=== Exercise description ===
Leave the pictures out. Retype exactly the lines below from the one containing "BattSwdVltgCorrlnSts/1 -> BattVltgPer1/1(BattSwdVltgCorrlnSts)" through the one containing "Voltage 2 Fault", and no others.

::: Exercise materials

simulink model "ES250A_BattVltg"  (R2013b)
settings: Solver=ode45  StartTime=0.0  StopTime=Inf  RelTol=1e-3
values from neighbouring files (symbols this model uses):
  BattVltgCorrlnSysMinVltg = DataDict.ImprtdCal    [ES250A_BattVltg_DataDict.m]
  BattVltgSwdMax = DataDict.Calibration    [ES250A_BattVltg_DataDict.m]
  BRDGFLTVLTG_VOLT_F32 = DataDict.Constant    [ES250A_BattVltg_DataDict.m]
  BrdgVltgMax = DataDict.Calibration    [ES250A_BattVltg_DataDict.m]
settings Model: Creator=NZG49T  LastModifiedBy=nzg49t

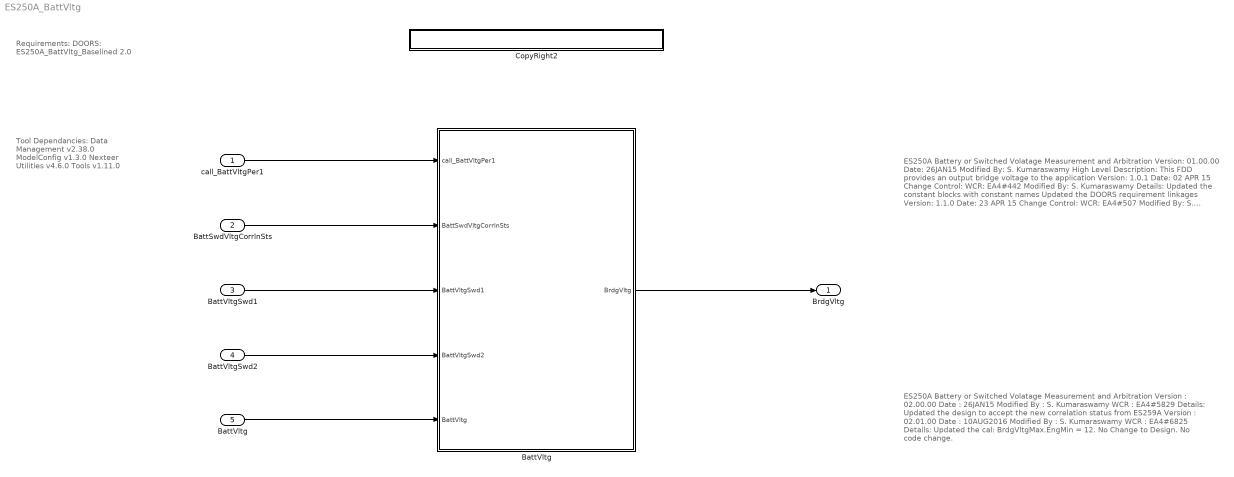
== system ES250A_BattVltg ==
  note: ES250A Battery or Switched Volatage Measurement and Arbitration
      |
      | Version: 01.00.00
      | Date: 26JAN15
      | Modified By: S. Kumaraswamy
      |
      | High Level Description:
      | This FDD provides an output bridge voltage to the application
      |
      | Version: 1.0.1
      | Date: 02 APR 15
      | Change Control: WCR: EA4#442
      | Modified By: S. Kumaraswamy
      | Details:
      | 	Updated the constant blocks with constant names
      | 	Updated the DOORS requirement linkages
      |
      | Version: 1.1.0
      | Date: 23 APR 15
      | Change Control: WCR: EA4#507
      | Modified By: S. Kumaraswamy
      | Details:
      | 	Updated the ES250A_BattVltg_DataDict.m file to change the range on inputs
  note: Tool Dependancies:
      |
      |    Data Management v2.38.0
      |    ModelConfig v1.3.0
      |    Nexteer Utilities v4.6.0
      |    Tools v1.11.0
  note: Requirements:
      |
      | DOORS: ES250A_BattVltg_Baselined 2.0
  note: ES250A Battery or Switched Volatage Measurement and Arbitration
      |
      | Version		: 02.00.00
      | Date		: 26JAN15
      | Modified By	: S. Kumaraswamy
      | WCR		: EA4#5829
      | Details:
      | 	Updated the design to accept the new correlation status from ES259A
      |
      | Version		: 02.01.00
      | Date		: 10AUG2016
      | Modified By	: S. Kumaraswamy
      | WCR		: EA4#6825
      | Details:
      | 	Updated the cal: BrdgVltgMax.EngMin = 12.
      | 	No Change to Design. No code change.
  call_BattVltgPer1 : Inport
  BattSwdVltgCorrlnSts : Inport  RequirementInfo={'linktype_rmi_doors' '000089be (/ESG Group/FDD Module Requirements/ES FDDs/ES-250A Battery and Switched Battery New Template)' '#ES250A_59' 'true' 'REQ:ES250A_59' '' } %GIDa_a11c860d_d132_4daf_a264_4400bd00e18c  Port=2
  BattVltgSwd1 : Inport  RequirementInfo={'linktype_rmi_doors' '000089be (/ESG Group/FDD Module Requirements/ES FDDs/ES-250A Battery and Switched Battery New Template)' '#ES250A_49' 'true' 'REQ:ES250A_49' '' } %GIDa_91354ed7_7d91_4356_a4ba_a513af450a0f  Port=3
  BattVltgSwd2 : Inport  RequirementInfo={'linktype_rmi_doors' '000089be (/ESG Group/FDD Module Requirements/ES FDDs/ES-250A Battery and Switched Battery New Template)' '#ES250A_60' 'true' 'REQ:ES250A_60' '' } %GIDa_49a2a00d_979f_48d9_9651_cd1224b822ec  Port=4
  "BattVltg " : Inport  RequirementInfo={'linktype_rmi_doors' '000089be (/ESG Group/FDD Module Requirements/ES FDDs/ES-250A Battery and Switched Battery New Template)' '#ES250A_48' 'true' 'REQ:ES250A_48' '' } %GIDa_3012d6f7_103b_47aa_89dd_d3628ff57ae0  Port=5
  BattVltg : Subsystem
  CopyRight2 : Subsystem  Description=|  mask(Copyright Information){none=on}
      | Copyright info block.                                               
      |                                                                     
      | Place copyright information at the top of every subsystem in design.
      mask prompts: none "No parameters"
      mask help: Place copyright information at the top of every subsystem in design.
      mask Display:
      | NxtrConf = 'Nexteer Confidential';
      | 
      | sys = bdroot; %handle for the current model ("system")
      | first = get_param(sys,'Created');
      | first = first(end-3:end);  %year is last four digits
      | 
      | last = get_param(sys,'LastModifiedDate');
      | if isempty(last)
      |     last = datestr(now,'yyyy');
      | else
      |     last = last(end-3:end);
      | end
      | 
      | if strcmp(first,last)
      |     fprintf('%s -- Copyright %s Nexteer',NxtrConf,first)
      | else
      |     fprintf('%s -- %s%s- %s Nexteer',NxtrConf,char(169),first,last)
      | end
  BrdgVltg : Outport  RequirementInfo={'linktype_rmi_doors' '000089be (/ESG Group/FDD Module Requirements/ES FDDs/ES-250A Battery and Switched Battery New Template)' '#ES250A_51' 'true' 'REQ:ES250A_51' '' } %GIDa_b80be137_a87b_4a79_92b7_89eced009269
  wires:
  BattVltg/1(BrdgVltg) -> BrdgVltg/1
  call_BattVltgPer1/1 -> BattVltg/1(call_BattVltgPer1)
  BattSwdVltgCorrlnSts/1 -> BattVltg/2(BattSwdVltgCorrlnSts)
  BattVltgSwd1/1 -> BattVltg/3(BattVltgSwd1)
  BattVltgSwd2/1 -> BattVltg/4(BattVltgSwd2)
  "BattVltg "/1 -> BattVltg/5(BattVltg)

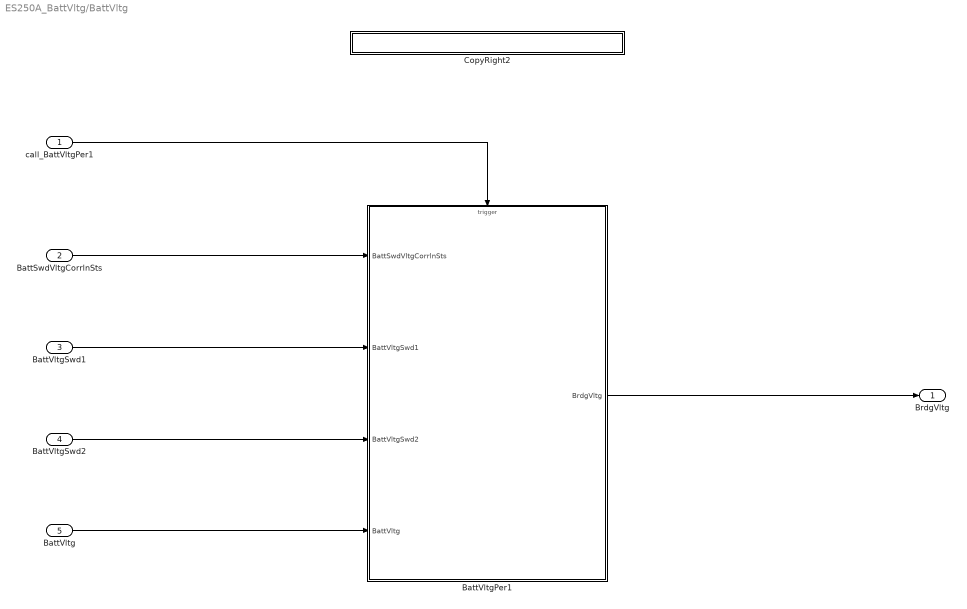
== system ES250A_BattVltg/BattVltg ==
  call_BattVltgPer1 : Inport
  BattSwdVltgCorrlnSts : Inport  RequirementInfo={'linktype_rmi_doors' '000089be (/ESG Group/FDD Module Requirements/ES FDDs/ES-250A Battery and Switched Battery New Template)' '#ES250A_59' 'true' 'REQ:ES250A_59' '' } %GIDa_e8385414_c5b7_4a96_916c_eabf55c4b14f  Port=2
  BattVltgSwd1 : Inport  RequirementInfo={'linktype_rmi_doors' '000089be (/ESG Group/FDD Module Requirements/ES FDDs/ES-250A Battery and Switched Battery New Template)' '#ES250A_49' 'true' 'REQ:ES250A_49' '' } %GIDa_5d2ad728_7230_4611_be80_0b164196a4c4  Port=3
  BattVltgSwd2 : Inport  RequirementInfo={'linktype_rmi_doors' '000089be (/ESG Group/FDD Module Requirements/ES FDDs/ES-250A Battery and Switched Battery New Template)' '#ES250A_60' 'true' 'REQ:ES250A_60' '' } %GIDa_aca025b3_6872_471e_9ce2_4632c3bd27ab  Port=4
  BattVltg : Inport  RequirementInfo={'linktype_rmi_doors' '000089be (/ESG Group/FDD Module Requirements/ES FDDs/ES-250A Battery and Switched Battery New Template)' '#ES250A_48' 'true' 'REQ:ES250A_48' '' } %GIDa_446049f3_a572_45b9_9ea0_5a0b2ee9b9f3  Port=5
  BattVltgPer1 : Subsystem
  CopyRight2 : Subsystem  Description=|  mask(Copyright Information){none=on}
      | Copyright info block.                                               
      |                                                                     
      | Place copyright information at the top of every subsystem in design.
      mask prompts: none "No parameters"
      mask help: Place copyright information at the top of every subsystem in design.
      mask Display:
      | NxtrConf = 'Nexteer Confidential';
      | 
      | sys = bdroot; %handle for the current model ("system")
      | first = get_param(sys,'Created');
      | first = first(end-3:end);  %year is last four digits
      | 
      | last = get_param(sys,'LastModifiedDate');
      | if isempty(last)
      |     last = datestr(now,'yyyy');
      | else
      |     last = last(end-3:end);
      | end
      | 
      | if strcmp(first,last)
      |     fprintf('%s -- Copyright %s Nexteer',NxtrConf,first)
      | else
      |     fprintf('%s -- %s%s- %s Nexteer',NxtrConf,char(169),first,last)
      | end
  BrdgVltg : Outport  RequirementInfo={'linktype_rmi_doors' '000089be (/ESG Group/FDD Module Requirements/ES FDDs/ES-250A Battery and Switched Battery New Template)' '#ES250A_51' 'true' 'REQ:ES250A_51' '' } %GIDa_1df96ea3_bed0_4e73_9e35_964b8173dbf2
  wires:
  call_BattVltgPer1/1 -> BattVltgPer1/Trigger
  BattVltgSwd2/1 -> BattVltgPer1/3(BattVltgSwd2)
  BattVltgSwd1/1 -> BattVltgPer1/2(BattVltgSwd1)
  BattSwdVltgCorrlnSts/1 -> BattVltgPer1/1(BattSwdVltgCorrlnSts)
  BattVltg/1 -> BattVltgPer1/4(BattVltg)
  BattVltgPer1/1(BrdgVltg) -> BrdgVltg/1

== system ES250A_BattVltg/CopyRight2 ==

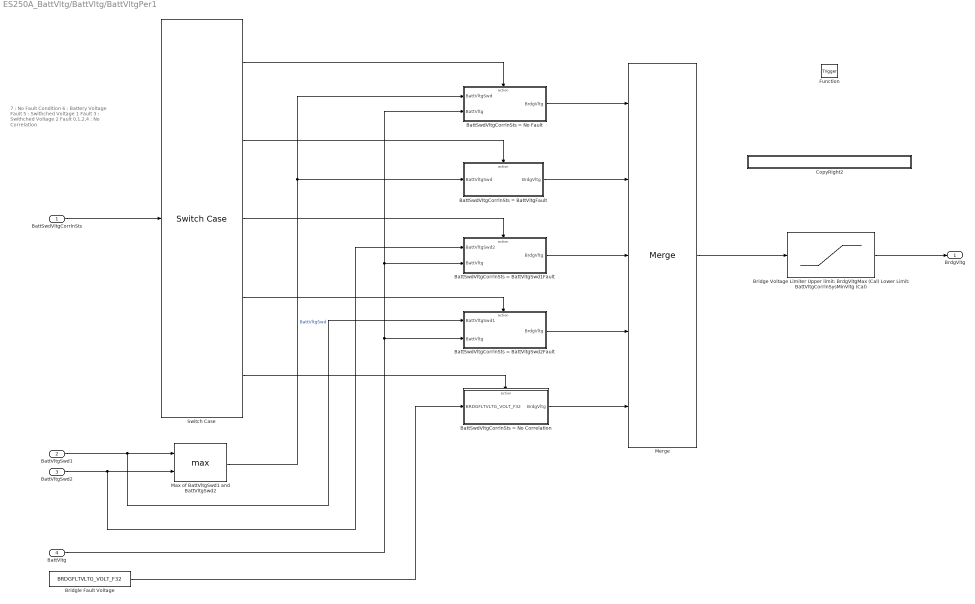
== system ES250A_BattVltg/BattVltg/BattVltgPer1 ==
  note: 7		: No Fault Condition
      | 6		: Battery Voltage Fault
      | 5		: Swithched Voltage 1 Fault
      | 3		: Swithched Voltage 2 Fault
      | 0,1,2,4	: No Correlation
  BattSwdVltgCorrlnSts : Inport
  BattVltgSwd1 : Inport  Port=2
  BattVltgSwd2 : Inport  Port=3
  BattVltg : Inport  Port=4
  Function : TriggerPort  TriggerType=function-call
  BattSwdVltgCorrlnSts = BattVltgFault : Subsystem  RequirementInfo={'linktype_rmi_doors' '000089be (/ESG Group/FDD Module Requirements/ES FDDs/ES-250A Battery and Switched Battery New Template)' '#ES250A_70' 'true' 'REQ:ES250A_70' '' } %GIDa_1e80a747_e46b_4fae_a462_c14971ea2063  TreatAsAtomicUnit=on
  BattSwdVltgCorrlnSts = BattVltgSwd1Fault : Subsystem  RequirementInfo={'linktype_rmi_doors' '000089be (/E-STEER Core/SubSystem Specifications/Electrical Actuator/Control Module/FDD Module Requirements/EA4/ES250A_BattVltg)' '#ES250A_71' 'true' 'REQ:ES250A_71' '' ; 'linktype_rmi_doors' '000089be (/E-STEER Core/SubSystem Specifications/Electrical Actuator/Control Module/FDD Module Requirements/EA4/ES250A_BattVltg)' '#ES250A_74' 'true' 'REQ:ES250A_74' '' } %GIDa_d2edab66_9a38_4fa0_805c_5347de679304  TreatAsAtomicUnit=on
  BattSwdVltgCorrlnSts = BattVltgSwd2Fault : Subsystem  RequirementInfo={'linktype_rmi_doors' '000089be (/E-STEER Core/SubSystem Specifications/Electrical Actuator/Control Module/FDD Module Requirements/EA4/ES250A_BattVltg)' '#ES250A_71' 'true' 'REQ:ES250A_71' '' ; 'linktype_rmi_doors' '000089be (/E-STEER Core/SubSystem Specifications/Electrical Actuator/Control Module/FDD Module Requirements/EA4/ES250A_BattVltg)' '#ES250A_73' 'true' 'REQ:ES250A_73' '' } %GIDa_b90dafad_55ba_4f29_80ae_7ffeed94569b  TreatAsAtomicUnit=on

::::::

=== Finished task ===
  BattSwdVltgCorrlnSts/1 -> BattVltgPer1/1(BattSwdVltgCorrlnSts)
  BattVltg/1 -> BattVltgPer1/4(BattVltg)
  BattVltgPer1/1(BrdgVltg) -> BrdgVltg/1

== system ES250A_BattVltg/CopyRight2 ==

== system ES250A_BattVltg/BattVltg/BattVltgPer1 ==
  note: 7		: No Fault Condition
      | 6		: Battery Voltage Fault
      | 5		: Swithched Voltage 1 Fault
      | 3		: Swithched Voltage 2 Fault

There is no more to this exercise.